» Task description: Show every line in the entries below where the word "Mode" appears.

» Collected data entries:
______________________________

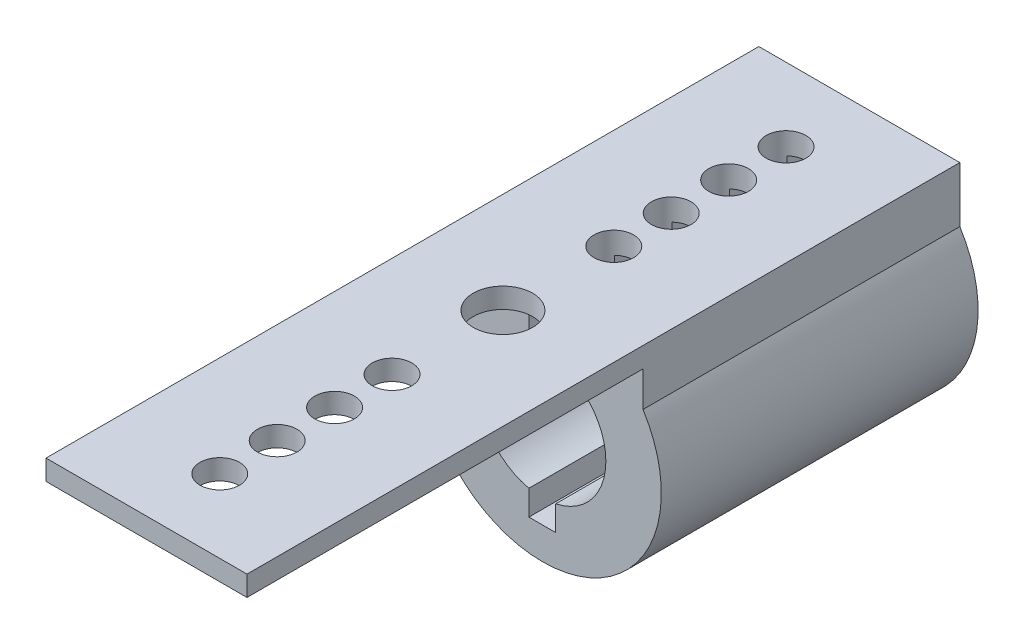
from build123d import *

# Parameters (mm, degrees)
SKETCH1_R               = 6
SKETCH1_R_2             = 3.2
BOSS_EXTRUDE1_DEPTH     = 16
SKETCH2_W               = 10.150862032
SKETCH2_H               = 2.8
BOSS_EXTRUDE2_DEPTH     = 16
CUT_EXTRUDE1_DEPTH      = 16
CUT_EXTRUDE1_DEPTH_BACK = 1
SKETCH3_W               = 1.354750416
SKETCH3_H               = 9.28691227
SKETCH4_W               = 10.150862032
SKETCH4_H               = 1.022764777
BOSS_EXTRUDE3_DEPTH     = 36
SKETCH5_R               = 1.5
CUT_EXTRUDE2_DEPTH      = 11
CUT_EXTRUDE3_DEPTH      = 11
CUT_EXTRUDE3_DEPTH_BACK = 0.1
SKETCH6_R               = 1


with BuildPart() as part:
    # Sketch1 → Boss-Extrude1 (new body)
    with BuildSketch(Plane.XY):
        Circle(SKETCH1_R)
        Circle(SKETCH1_R_2, mode=Mode.SUBTRACT)
    extrude(amount=BOSS_EXTRUDE1_DEPTH)

    # Sketch2 → Boss-Extrude2 (add)
    with BuildSketch(Plane.XY):
        with Locations((0, 4.6)):
            Rectangle(SKETCH2_W, SKETCH2_H)
    extrude(amount=BOSS_EXTRUDE2_DEPTH)

    # Sketch3 → Cut-Extrude1 (cut, two sides: drawn at the far end of the back side and taken through both)
    with BuildSketch(Plane.XY.offset(-CUT_EXTRUDE1_DEPTH_BACK)):
        with Locations((-0.009817032, 0.255242832)):
            Rectangle(SKETCH3_W, SKETCH3_H)
    extrude(amount=CUT_EXTRUDE1_DEPTH + CUT_EXTRUDE1_DEPTH_BACK, mode=Mode.SUBTRACT)

    # Sketch4 → Boss-Extrude3 (add)
    with BuildSketch(Plane.XY):
        with Locations((0, 5.488617612)):
            Rectangle(SKETCH4_W, SKETCH4_H)
    extrude(amount=BOSS_EXTRUDE3_DEPTH)

    # Sketch5 → Cut-Extrude2 (cut)
    with BuildSketch(Plane(origin=(0, 0, 0), x_dir=(1, 0, 0), z_dir=(0, 1, 0))):
        with Locations(Location((0, -18, 0), (0, 0, 90))):
            Circle(SKETCH5_R)
    extrude(amount=CUT_EXTRUDE2_DEPTH, mode=Mode.SUBTRACT)

    # Sketch6 → Cut-Extrude3 (cut, two sides: drawn at the far end of the back side and taken through both)
    with BuildSketch(Plane(origin=(0, 0, 0), x_dir=(1, 0, 0), z_dir=(0, 1, 0)).offset(-CUT_EXTRUDE3_DEPTH_BACK)):
        with Locations(Location((0, -12.4, 0), (0, 0, 90))):
            Circle(SKETCH6_R)
        with Locations(Location((0, -9.5, 0), (0, 0, 90))):
            Circle(SKETCH6_R)
        with Locations(Location((0, -6.6, 0), (0, 0, 90))):
            Circle(SKETCH6_R)
        with Locations(Location((0, -3.7, 0), (0, 0, 90))):
            Circle(SKETCH6_R)
        with Locations(Location((0, -23.6, 0), (0, 0, 90))):
            Circle(SKETCH6_R)
        with Locations(Location((0, -26.5, 0), (0, 0, 90))):
            Circle(SKETCH6_R)
        with Locations(Location((0, -29.4, 0), (0, 0, 90))):
            Circle(SKETCH6_R)
        with Locations(Location((0, -32.3, 0), (0, 0, 90))):
            Circle(SKETCH6_R)
    extrude(amount=CUT_EXTRUDE3_DEPTH + CUT_EXTRUDE3_DEPTH_BACK, mode=Mode.SUBTRACT)


solid = part.part

______________________________

» Exercise solution:
        Circle(SKETCH1_R_2, mode=Mode.SUBTRACT)
    extrude(amount=CUT_EXTRUDE1_DEPTH + CUT_EXTRUDE1_DEPTH_BACK, mode=Mode.SUBTRACT)
    extrude(amount=CUT_EXTRUDE2_DEPTH, mode=Mode.SUBTRACT)
    extrude(amount=CUT_EXTRUDE3_DEPTH + CUT_EXTRUDE3_DEPTH_BACK, mode=Mode.SUBTRACT)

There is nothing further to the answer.